▸ WORK TO BE COMPLETED: An image-free, exact copy of the records below is required.

▽

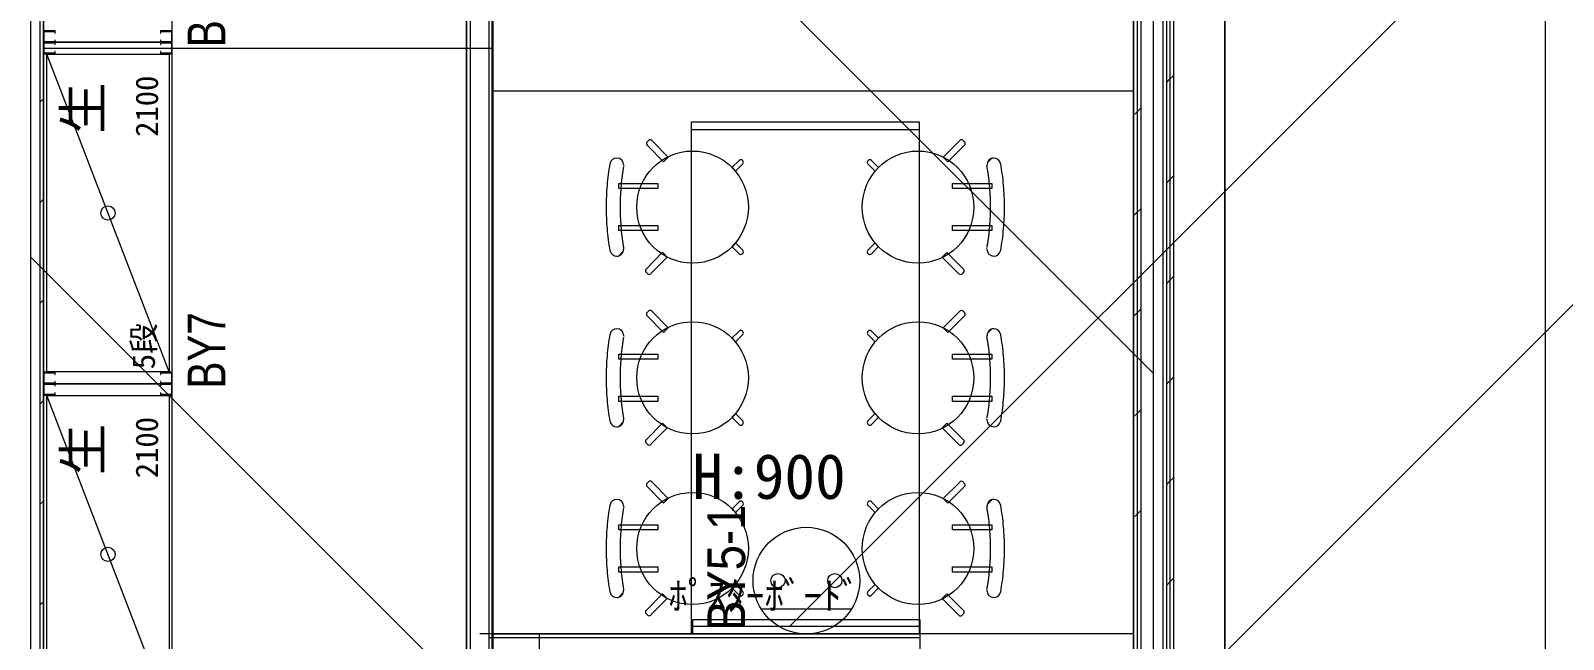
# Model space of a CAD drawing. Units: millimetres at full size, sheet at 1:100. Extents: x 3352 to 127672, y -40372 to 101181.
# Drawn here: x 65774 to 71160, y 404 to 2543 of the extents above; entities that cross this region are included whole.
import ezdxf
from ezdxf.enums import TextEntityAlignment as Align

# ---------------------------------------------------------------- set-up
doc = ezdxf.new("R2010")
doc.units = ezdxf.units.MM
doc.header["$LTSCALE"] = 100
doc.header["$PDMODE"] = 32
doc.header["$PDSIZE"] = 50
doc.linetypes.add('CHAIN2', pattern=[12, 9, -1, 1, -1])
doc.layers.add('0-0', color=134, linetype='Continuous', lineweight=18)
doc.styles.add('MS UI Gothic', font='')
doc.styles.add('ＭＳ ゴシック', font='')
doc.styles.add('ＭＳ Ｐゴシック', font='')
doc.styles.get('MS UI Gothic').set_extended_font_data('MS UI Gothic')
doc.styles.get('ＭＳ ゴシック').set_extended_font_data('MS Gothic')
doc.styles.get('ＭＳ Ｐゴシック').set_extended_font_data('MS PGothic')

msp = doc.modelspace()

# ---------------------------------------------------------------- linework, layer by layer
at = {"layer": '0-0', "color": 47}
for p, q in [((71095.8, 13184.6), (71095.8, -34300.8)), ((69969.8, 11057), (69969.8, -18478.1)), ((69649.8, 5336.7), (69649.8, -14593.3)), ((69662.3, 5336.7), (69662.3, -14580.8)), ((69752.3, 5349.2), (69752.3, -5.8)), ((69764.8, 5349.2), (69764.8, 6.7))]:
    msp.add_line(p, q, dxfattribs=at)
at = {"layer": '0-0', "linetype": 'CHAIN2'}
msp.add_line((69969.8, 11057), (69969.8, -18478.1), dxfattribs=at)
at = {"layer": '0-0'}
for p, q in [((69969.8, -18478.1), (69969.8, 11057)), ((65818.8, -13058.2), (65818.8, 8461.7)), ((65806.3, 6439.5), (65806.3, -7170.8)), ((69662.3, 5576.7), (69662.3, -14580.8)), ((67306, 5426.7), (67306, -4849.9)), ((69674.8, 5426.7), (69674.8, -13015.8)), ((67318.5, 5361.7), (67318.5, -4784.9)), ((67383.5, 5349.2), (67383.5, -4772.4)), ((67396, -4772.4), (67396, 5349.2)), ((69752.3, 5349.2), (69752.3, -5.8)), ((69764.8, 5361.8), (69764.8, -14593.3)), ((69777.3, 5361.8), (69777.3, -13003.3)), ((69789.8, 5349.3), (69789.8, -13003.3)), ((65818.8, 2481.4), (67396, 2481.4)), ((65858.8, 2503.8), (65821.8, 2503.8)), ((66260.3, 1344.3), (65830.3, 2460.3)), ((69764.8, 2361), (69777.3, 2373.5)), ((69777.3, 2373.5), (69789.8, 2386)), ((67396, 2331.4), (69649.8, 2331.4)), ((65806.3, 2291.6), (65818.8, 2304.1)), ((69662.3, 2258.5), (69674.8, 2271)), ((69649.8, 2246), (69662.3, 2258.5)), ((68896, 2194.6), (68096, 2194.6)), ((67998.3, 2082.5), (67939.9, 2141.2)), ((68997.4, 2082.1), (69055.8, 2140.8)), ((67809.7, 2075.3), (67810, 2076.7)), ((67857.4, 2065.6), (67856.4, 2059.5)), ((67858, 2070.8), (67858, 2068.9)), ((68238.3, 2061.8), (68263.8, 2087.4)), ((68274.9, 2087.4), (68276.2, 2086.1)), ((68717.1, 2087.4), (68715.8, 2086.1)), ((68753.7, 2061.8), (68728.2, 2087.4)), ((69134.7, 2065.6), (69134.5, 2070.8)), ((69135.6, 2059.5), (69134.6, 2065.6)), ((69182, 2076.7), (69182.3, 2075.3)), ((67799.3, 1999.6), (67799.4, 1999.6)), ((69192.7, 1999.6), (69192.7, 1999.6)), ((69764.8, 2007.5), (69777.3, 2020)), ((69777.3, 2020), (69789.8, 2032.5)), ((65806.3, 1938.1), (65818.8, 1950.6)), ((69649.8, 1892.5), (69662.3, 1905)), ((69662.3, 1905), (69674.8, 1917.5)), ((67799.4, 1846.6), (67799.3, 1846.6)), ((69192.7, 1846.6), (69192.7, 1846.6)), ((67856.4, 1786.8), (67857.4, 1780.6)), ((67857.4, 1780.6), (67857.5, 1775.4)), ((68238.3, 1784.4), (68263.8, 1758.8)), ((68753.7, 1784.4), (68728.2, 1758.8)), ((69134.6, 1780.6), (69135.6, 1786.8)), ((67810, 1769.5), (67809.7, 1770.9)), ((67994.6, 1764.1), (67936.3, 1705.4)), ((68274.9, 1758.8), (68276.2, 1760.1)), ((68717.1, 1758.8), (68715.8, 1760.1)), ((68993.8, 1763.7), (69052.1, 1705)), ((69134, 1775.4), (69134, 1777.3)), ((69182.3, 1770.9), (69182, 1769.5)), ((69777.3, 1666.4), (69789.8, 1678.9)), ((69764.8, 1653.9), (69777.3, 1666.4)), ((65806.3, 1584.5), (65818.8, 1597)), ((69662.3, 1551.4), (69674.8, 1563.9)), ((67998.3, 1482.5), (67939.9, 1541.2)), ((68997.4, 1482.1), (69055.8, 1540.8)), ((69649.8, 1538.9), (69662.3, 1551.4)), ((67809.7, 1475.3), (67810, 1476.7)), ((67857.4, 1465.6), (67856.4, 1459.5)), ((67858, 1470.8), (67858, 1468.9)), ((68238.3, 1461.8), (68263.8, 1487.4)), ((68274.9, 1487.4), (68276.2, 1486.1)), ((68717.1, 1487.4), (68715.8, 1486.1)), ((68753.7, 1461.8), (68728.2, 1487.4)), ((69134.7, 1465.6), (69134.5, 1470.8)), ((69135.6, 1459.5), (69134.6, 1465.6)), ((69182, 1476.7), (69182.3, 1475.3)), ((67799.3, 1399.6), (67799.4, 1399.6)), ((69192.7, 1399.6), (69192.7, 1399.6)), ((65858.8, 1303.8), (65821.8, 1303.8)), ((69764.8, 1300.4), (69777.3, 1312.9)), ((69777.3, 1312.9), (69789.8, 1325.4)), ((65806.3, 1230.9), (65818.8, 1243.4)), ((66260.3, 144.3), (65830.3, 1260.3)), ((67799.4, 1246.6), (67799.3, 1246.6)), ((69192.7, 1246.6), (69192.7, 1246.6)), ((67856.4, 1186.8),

△

▸ SOLUTION FOR THIS EXERCISE:
# Model space of a CAD drawing. Units: millimetres at full size, sheet at 1:100. Extents: x 3352 to 127672, y -40372 to 101181.
# Drawn here: x 65774 to 71160, y 404 to 2543 of the extents above; entities that cross this region are included whole.
import ezdxf
from ezdxf.enums import TextEntityAlignment as Align

# ---------------------------------------------------------------- set-up
doc = ezdxf.new("R2010")
doc.units = ezdxf.units.MM
doc.header["$LTSCALE"] = 100
doc.header["$PDMODE"] = 32
doc.header["$PDSIZE"] = 50
doc.linetypes.add('CHAIN2', pattern=[12, 9, -1, 1, -1])
doc.layers.add('0-0', color=134, linetype='Continuous', lineweight=18)
doc.styles.add('MS UI Gothic', font='')
doc.styles.add('ＭＳ ゴシック', font='')
doc.styles.add('ＭＳ Ｐゴシック', font='')
doc.styles.get('MS UI Gothic').set_extended_font_data('MS UI Gothic')
doc.styles.get('ＭＳ ゴシック').set_extended_font_data('MS Gothic')
doc.styles.get('ＭＳ Ｐゴシック').set_extended_font_data('MS PGothic')

msp = doc.modelspace()

# ---------------------------------------------------------------- linework, layer by layer
at = {"layer": '0-0', "color": 47}
for p, q in [((71095.8, 13184.6), (71095.8, -34300.8)), ((69969.8, 11057), (69969.8, -18478.1)), ((69649.8, 5336.7), (69649.8, -14593.3)), ((69662.3, 5336.7), (69662.3, -14580.8)), ((69752.3, 5349.2), (69752.3, -5.8)), ((69764.8, 5349.2), (69764.8, 6.7))]:
    msp.add_line(p, q, dxfattribs=at)
at = {"layer": '0-0', "linetype": 'CHAIN2'}
msp.add_line((69969.8, 11057), (69969.8, -18478.1), dxfattribs=at)
at = {"layer": '0-0'}
for p, q in [((69969.8, -18478.1), (69969.8, 11057)), ((65818.8, -13058.2), (65818.8, 8461.7)), ((65806.3, 6439.5), (65806.3, -7170.8)), ((69662.3, 5576.7), (69662.3, -14580.8)), ((67306, 5426.7), (67306, -4849.9)), ((69674.8, 5426.7), (69674.8, -13015.8)), ((67318.5, 5361.7), (67318.5, -4784.9)), ((67383.5, 5349.2), (67383.5, -4772.4)), ((67396, -4772.4), (67396, 5349.2)), ((69752.3, 5349.2), (69752.3, -5.8)), ((69764.8, 5361.8), (69764.8, -14593.3)), ((69777.3, 5361.8), (69777.3, -13003.3)), ((69789.8, 5349.3), (69789.8, -13003.3)), ((65818.8, 2481.4), (67396, 2481.4)), ((65858.8, 2503.8), (65821.8, 2503.8)), ((66260.3, 1344.3), (65830.3, 2460.3)), ((69764.8, 2361), (69777.3, 2373.5)), ((69777.3, 2373.5), (69789.8, 2386)), ((67396, 2331.4), (69649.8, 2331.4)), ((65806.3, 2291.6), (65818.8, 2304.1)), ((69662.3, 2258.5), (69674.8, 2271)), ((69649.8, 2246), (69662.3, 2258.5)), ((68896, 2194.6), (68096, 2194.6)), ((67998.3, 2082.5), (67939.9, 2141.2)), ((68997.4, 2082.1), (69055.8, 2140.8)), ((67809.7, 2075.3), (67810, 2076.7)), ((67857.4, 2065.6), (67856.4, 2059.5)), ((67858, 2070.8), (67858, 2068.9)), ((68238.3, 2061.8), (68263.8, 2087.4)), ((68274.9, 2087.4), (68276.2, 2086.1)), ((68717.1, 2087.4), (68715.8, 2086.1)), ((68753.7, 2061.8), (68728.2, 2087.4)), ((69134.7, 2065.6), (69134.5, 2070.8)), ((69135.6, 2059.5), (69134.6, 2065.6)), ((69182, 2076.7), (69182.3, 2075.3)), ((67799.3, 1999.6), (67799.4, 1999.6)), ((69192.7, 1999.6), (69192.7, 1999.6)), ((69764.8, 2007.5), (69777.3, 2020)), ((69777.3, 2020), (69789.8, 2032.5)), ((65806.3, 1938.1), (65818.8, 1950.6)), ((69649.8, 1892.5), (69662.3, 1905)), ((69662.3, 1905), (69674.8, 1917.5)), ((67799.4, 1846.6), (67799.3, 1846.6)), ((69192.7, 1846.6), (69192.7, 1846.6)), ((67856.4, 1786.8), (67857.4, 1780.6)), ((67857.4, 1780.6), (67857.5, 1775.4)), ((68238.3, 1784.4), (68263.8, 1758.8)), ((68753.7, 1784.4), (68728.2, 1758.8)), ((69134.6, 1780.6), (69135.6, 1786.8)), ((67810, 1769.5), (67809.7, 1770.9)), ((67994.6, 1764.1), (67936.3, 1705.4)), ((68274.9, 1758.8), (68276.2, 1760.1)), ((68717.1, 1758.8), (68715.8, 1760.1)), ((68993.8, 1763.7), (69052.1, 1705)), ((69134, 1775.4), (69134, 1777.3)), ((69182.3, 1770.9), (69182, 1769.5)), ((69777.3, 1666.4), (69789.8, 1678.9)), ((69764.8, 1653.9), (69777.3, 1666.4)), ((65806.3, 1584.5), (65818.8, 1597)), ((69662.3, 1551.4), (69674.8, 1563.9)), ((67998.3, 1482.5), (67939.9, 1541.2)), ((68997.4, 1482.1), (69055.8, 1540.8)), ((69649.8, 1538.9), (69662.3, 1551.4)), ((67809.7, 1475.3), (67810, 1476.7)), ((67857.4, 1465.6), (67856.4, 1459.5)), ((67858, 1470.8), (67858, 1468.9)), ((68238.3, 1461.8), (68263.8, 1487.4)), ((68274.9, 1487.4), (68276.2, 1486.1)), ((68717.1, 1487.4), (68715.8, 1486.1)), ((68753.7, 1461.8), (68728.2, 1487.4)), ((69134.7, 1465.6), (69134.5, 1470.8)), ((69135.6, 1459.5), (69134.6, 1465.6)), ((69182, 1476.7), (69182.3, 1475.3)), ((67799.3, 1399.6), (67799.4, 1399.6)), ((69192.7, 1399.6), (69192.7, 1399.6)), ((65858.8, 1303.8), (65821.8, 1303.8)), ((69764.8, 1300.4), (69777.3, 1312.9)), ((69777.3, 1312.9), (69789.8, 1325.4)), ((65806.3, 1230.9), (65818.8, 1243.4)), ((66260.3, 144.3), (65830.3, 1260.3)), ((67799.4, 1246.6), (67799.3, 1246.6)), ((69192.7, 1246.6), (69192.7, 1246.6)), ((67856.4, 1186.8),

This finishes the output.